The configuration of the training process for the FL Training Collector enabler is done with a request to REST API where the following parameters for a training job to be executed can be set:

  • strategy - name of the strategy to be used in this training job, e.g. “avg”

  • model_name - the name of the model used throughout training, e.g. “custom_resnet”

  • model_version - the version of the model selected for training, e.g. “version_0”

  • server_conf - the training configuration accepted by and specific to FL Flower server, e.g. “num_rounds”

  • strategy_conf - the configuration accepted by and specific to the selected strategy, containing fields like e.g. “min_fit_clients”

  • adapt_config e.g. “custom”

  • configuration_id - identifier of the configuration to be used

  • privacy_mechanisms - the configuration specifying the selected privacy mechanisms and their parameters

  • client_conf - the configuration specifying the client side of training

  • learning_rate - tuning parameter in an optimization algorithm, e.g. “0.001”

2.2.2.8. Developer guide

2.2.2.8.1. Components

The enabler provides a REST API to allow the input and output communication to and from the FL Training Collector enabler. On the one hand it is responsible of receiving FL local updates that are sent to the FLC Combiner component. On the other hand, it is responsible of communicating updates of the new FL model obtained in the FLC Component to the FL Repository. The communication capabilities of this component are designed so that it can conceptually deal with situations in which more complex topologies are used.

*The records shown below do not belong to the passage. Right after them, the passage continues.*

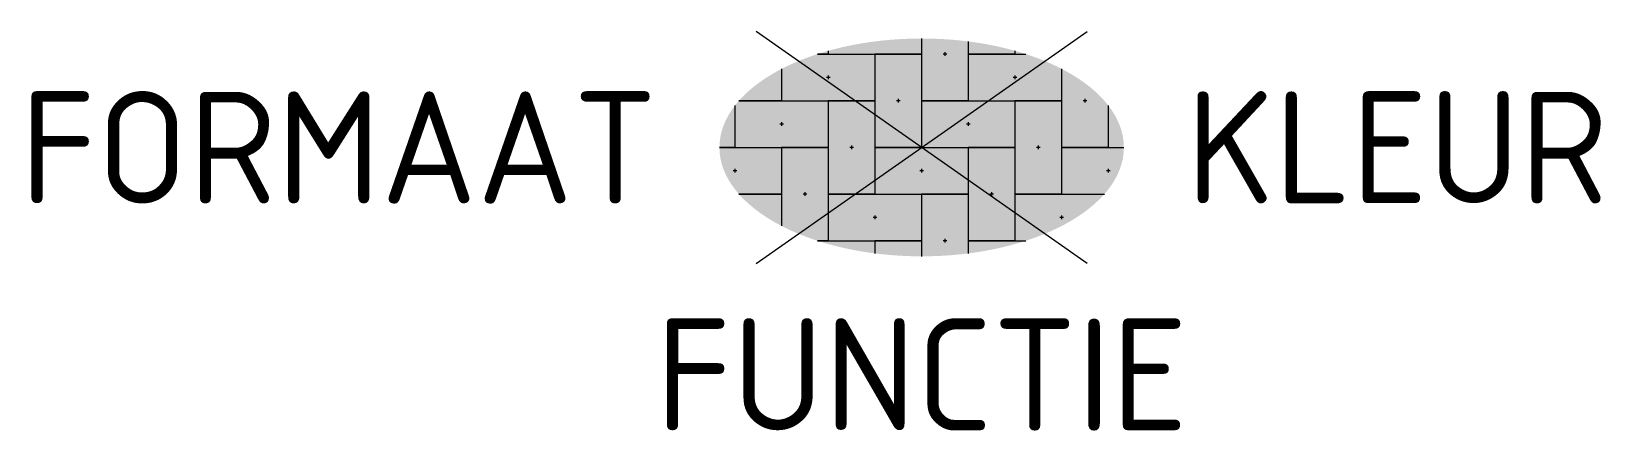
# Model space of a CAD drawing. Extents: x -14.3 to 10.9, y -4.6 to 1.9.
import ezdxf
from ezdxf.enums import TextEntityAlignment as Align

# ---------------------------------------------------------------- set-up
doc = ezdxf.new("R2010")
doc.units = 0
doc.styles.add('NLCS-ISO', font='NLCS-ISO.ttf')

msp = doc.modelspace()

# ---------------------------------------------------------------- hatches: boundary and pattern name
h = msp.add_hatch(color=254)
h.dxf.hatch_style = 1
edge = h.paths.add_edge_path()
edge.add_ellipse((0, 0), major_axis=(-3.25, 0), ratio=0.538462, start_angle=0, end_angle=360)

# ---------------------------------------------------------------- linework, layer by layer
for p, q in [((-2.662, -1.864), (2.662, 1.864)), ((2.662, -1.864), (-2.662, 1.864)), ((-1.5, 1.552), (-1.5, 1.5)), ((-1.5, 1.552), (-1.5, 1.5)), ((0, 1.75), (0, 0.75)), ((0, 1.75), (0, 1.5)), ((0.375, 1.529), (0.375, 1.471)), ((0.75, 1.702), (0.75, 0.75)), ((0.75, 1.702), (0.75, 1.5)), ((1.5, 1.552), (1.5, 1.5)), ((1.5, 1.552), (1.5, 1.5)), ((-2.25, 1.262), (-2.25, 0.75)), ((-2.25, 1.262), (-2.25, 0.75)), ((-1.674, 1.5), (-0.75, 1.5)), ((-1.5, 1.5), (-1.674, 1.5)), ((-1.5, 1.5), (0, 1.5)), ((0, 1.5), (-0.75, 1.5)), ((-0.75, 1.5), (-0.75, 0)), ((-0.75, 1.5), (-0.75, 0.75)), ((0, 1.5), (0, 0)), ((0.404, 1.5), (0.346, 1.5)), ((0.75, 1.5), (0.75, 0.75)), ((0.75, 1.5), (1.674, 1.5)), ((1.5, 1.5), (0.75, 1.5)), ((1.5, 1.5), (1.674, 1.5)), ((2.25, 1.262), (2.25, 0.75)), ((2.25, 1.262), (2.25, 0)), ((-1.471, 1.125), (-1.529, 1.125)), ((-1.5, 1.154), (-1.5, 1.096)), ((1.529, 1.125), (1.471, 1.125)), ((1.5, 1.154), (1.5, 1.096)), ((-0.375, 0.779), (-0.375, 0.721)), ((2.625, 0.779), (2.625, 0.721)), ((-3, 0.673), (-3, 0)), ((-3, 0.673), (-3, 0)), ((-2.25, 0.75), (-2.936, 0.75)), ((-2.936, 0.75), (-1.5, 0.75)), ((-2.25, 0.75), (-0.75, 0.75)), ((-0.75, 0.75), (-1.5, 0.75)), ((-1.5, 0.75), (-1.5, -0.75)), ((-1.5, 0.75), (-1.5, 0)), ((-0.75, 0.75), (-0.75, -0.75)), ((-0.346, 0.75), (-0.404, 0.75)), ((0, 0.75), (1.5, 0.75)), ((0, 0.75), (0, 0)), ((0.75, 0.75), (0, 0.75)), ((0.75, 0.75), (2.25, 0.75)), ((1.5, 0.75), (1.5, 0)), ((2.25, 0.75), (1.5, 0.75)), ((1.5, 0.75), (1.5, -0.75)), ((2.25, 0.75), (2.25, -0.75)), ((2.654, 0.75), (2.596, 0.75)), ((3, 0.673), (3, 0)), ((3, 0.673), (3, 0)), ((-2.221, 0.375), (-2.279, 0.375)), ((-2.25, 0.404), (-2.25, 0.346)), ((0.779, 0.375), (0.721, 0.375)), ((0.75, 0.404), (0.75, 0.346)), ((-1.125, 0.029), (-1.125, -0.029)), ((0, 0), (-0.75, 0)), ((0, 0), (1.5, 0)), ((1.5, 0), (0.75, 0)), ((1.5, 0), (1.5, -1.5)), ((1.904, 0), (1.846, 0)), ((1.875, 0.029), (1.875, -0.029)), ((2.25, 0), (2.25, -0.75)), ((2.25, 0), (3.25, 0)), ((3, 0), (2.25, 0)), ((3, 0), (3.25, 0)), ((-3, 0), (-3.25, 0)), ((-3.25, 0), (-2.25, 0)), ((-3, 0), (-1.5, 0)), ((-1.5, 0), (-2.25, 0)), ((-2.25, 0), (-2.25, -1.262)), ((-2.25, 0), (-2.25, -0.75)), ((-1.5, 0), (-1.5, -1.5)), ((-1.096, 0), (-1.154, 0)), ((-0.75, 0), (-0.75, -0.75)), ((-0.75, 0), (0.75, 0)), ((0.75, 0), (0.75, -0.75)), ((0.75, 0), (0.75, -1.5)), ((-2.971, -0.375), (-3.029, -0.375)), ((-3, -0.346), (-3, -0.404)), ((0.029, -0.375), (-0.029, -0.375)), ((0, -0.346), (0, -0.404)), ((3.029, -0.375), (2.971, -0.375)), ((3, -0.346), (3, -0.404)), ((-2.25, -0.75), (-2.936, -0.75)), ((-2.936, -0.75), (-2.25, -0.75)), ((-2.25, -0.75), (-2.25, -1.262)), ((-1.846, -0.75), (-1.904, -0.75)), ((-1.875, -0.721), (-1.875, -0.779)), ((-0.75, -0.75), (-1.5, -0.75)), ((-1.5, -0.75), (-1.5, -1.5)), ((-1.5, -0.75), (0, -0.75)), ((-0.75, -0.75), (0.75, -0.75)), ((0, -0.75), (0, -1.5)), ((0.75, -0.75), (0, -0.75)), ((0, -0.75), (0, -1.75)), ((0.75, -0.75), (0.75, -1.702)), ((1.154, -0.75), (1.096, -0.75)), ((1.125, -0.721), (1.125, -0.779)), ((1.5, -0.75), (1.5, -1.5)), ((1.5, -0.75), (2.936, -0.75)), ((2.25, -0.75), (1.5, -0.75)), ((2.25, -0.75), (2.936, -0.75)), ((-0.721, -1.125), (-0.779, -1.125)), ((-0.75, -1.096), (-0.75, -1.154)), ((2.279, -1.125), (2.221, -1.125)), ((2.25, -1.096), (2.25, -1.154)), ((-1.5, -1.5), (-1.674, -1.5)), ((-1.674, -1.5), (-0.75, -1.5)), ((-1.5, -1.5), (0, -1.5)), ((-0.75, -1.5), (-0.75, -1.702)), ((0, -1.5), (-0.75, -1.5)), ((-0.75, -1.5), (-0.75, -1.702)), ((0, -1.5), (0, -1.75)), ((0.404, -1.5), (0.346, -1.5)), ((0.375, -1.471), (0.375, -1.529)), ((1.5, -1.5), (0.75, -1.5)), ((0.75, -1.5), (0.75, -1.702)), ((0.75, -1.5), (1.674, -1.5)), ((1.5, -1.5), (1.674, -1.5))]:
    msp.add_line(p, q)

# ---------------------------------------------------------------- texts
at = {"style": 'NLCS-ISO'}
msp.add_attdef('FORMAAT', text='15x30', height=1.8, dxfattribs=at).set_placement((-4.25, 0), align=Align.MIDDLE_RIGHT)
msp.add_attdef('KLEUR', text='', height=1.8, dxfattribs=at).set_placement((4.25, 0), align=Align.MIDDLE_LEFT)
at = {"style": 'NLCS-ISO', "flags": 1}
msp.add_attdef('FUNCTIE', text='', height=1.8, dxfattribs=at).set_placement((0, -2.75), align=Align.TOP_CENTER)

doc.saveas('drawing.dxf')

The enabler will receive weight updates from a certain number (possibly all) local nodes and combine them to generate an updated FL model. It can include both homogeneous and heterogeneous FedAvg solutions for e.g., logistic regression models, decision-tree models, or even neural network models.

Additionally, the enabler allows for the usage of selected privacy mechanisms. Here, it is important to mention that Homomorphic Encryption can only be used currently with very small models, like Logistic Regression.

2.2.2.8.2. Technologies

2.2.2.8.2.1. Python

Python is an interpreted high-level general-purpose programming language with a set of libraries. Very popular for data analysis and ML applications.

2.2.2.8.2.2. FastAPI

A popular web microframework written in Python, FastAPI is known for being both robust and high performing. It is based on OpenAPI (previously Swagger) standards.

2.2.2.8.2.3. Flower

A federated learning framework designed to work with a large number of clients. It is both compatible with a variety of ML frameworks and supports a wide range of devices.

2.2.2.8.2.4. TenSEAL

A library that empowers users to easily conduct Homomorphic Encryption operations on tensors, built on top of Microsoft SEAL. Since the underlying implementation uses C++, the resulting methods consume as little resources as possible.

2.2.2.9. Version control and release

Version control and release details will be provided in the next release of the documentation.

2.2.2.10. Licence

The FL Local Operations is licensed under the Apache License, Version2.0 (the “License”).

You may obtain a copy of the License at: http://www.apache.org/licenses/LICENSE-2.0

2.2.2.11. Notice (dependencies)

The information about the dependencies needed to run a specific part of the application can be found described in the appropriate requirements.txt files located. However, since they are downloaded automatically during the construction of the appropriate Docker images, the local dependencies needed to deploy the application include only a local Docker along with Docker Compose or Kubernetes installation.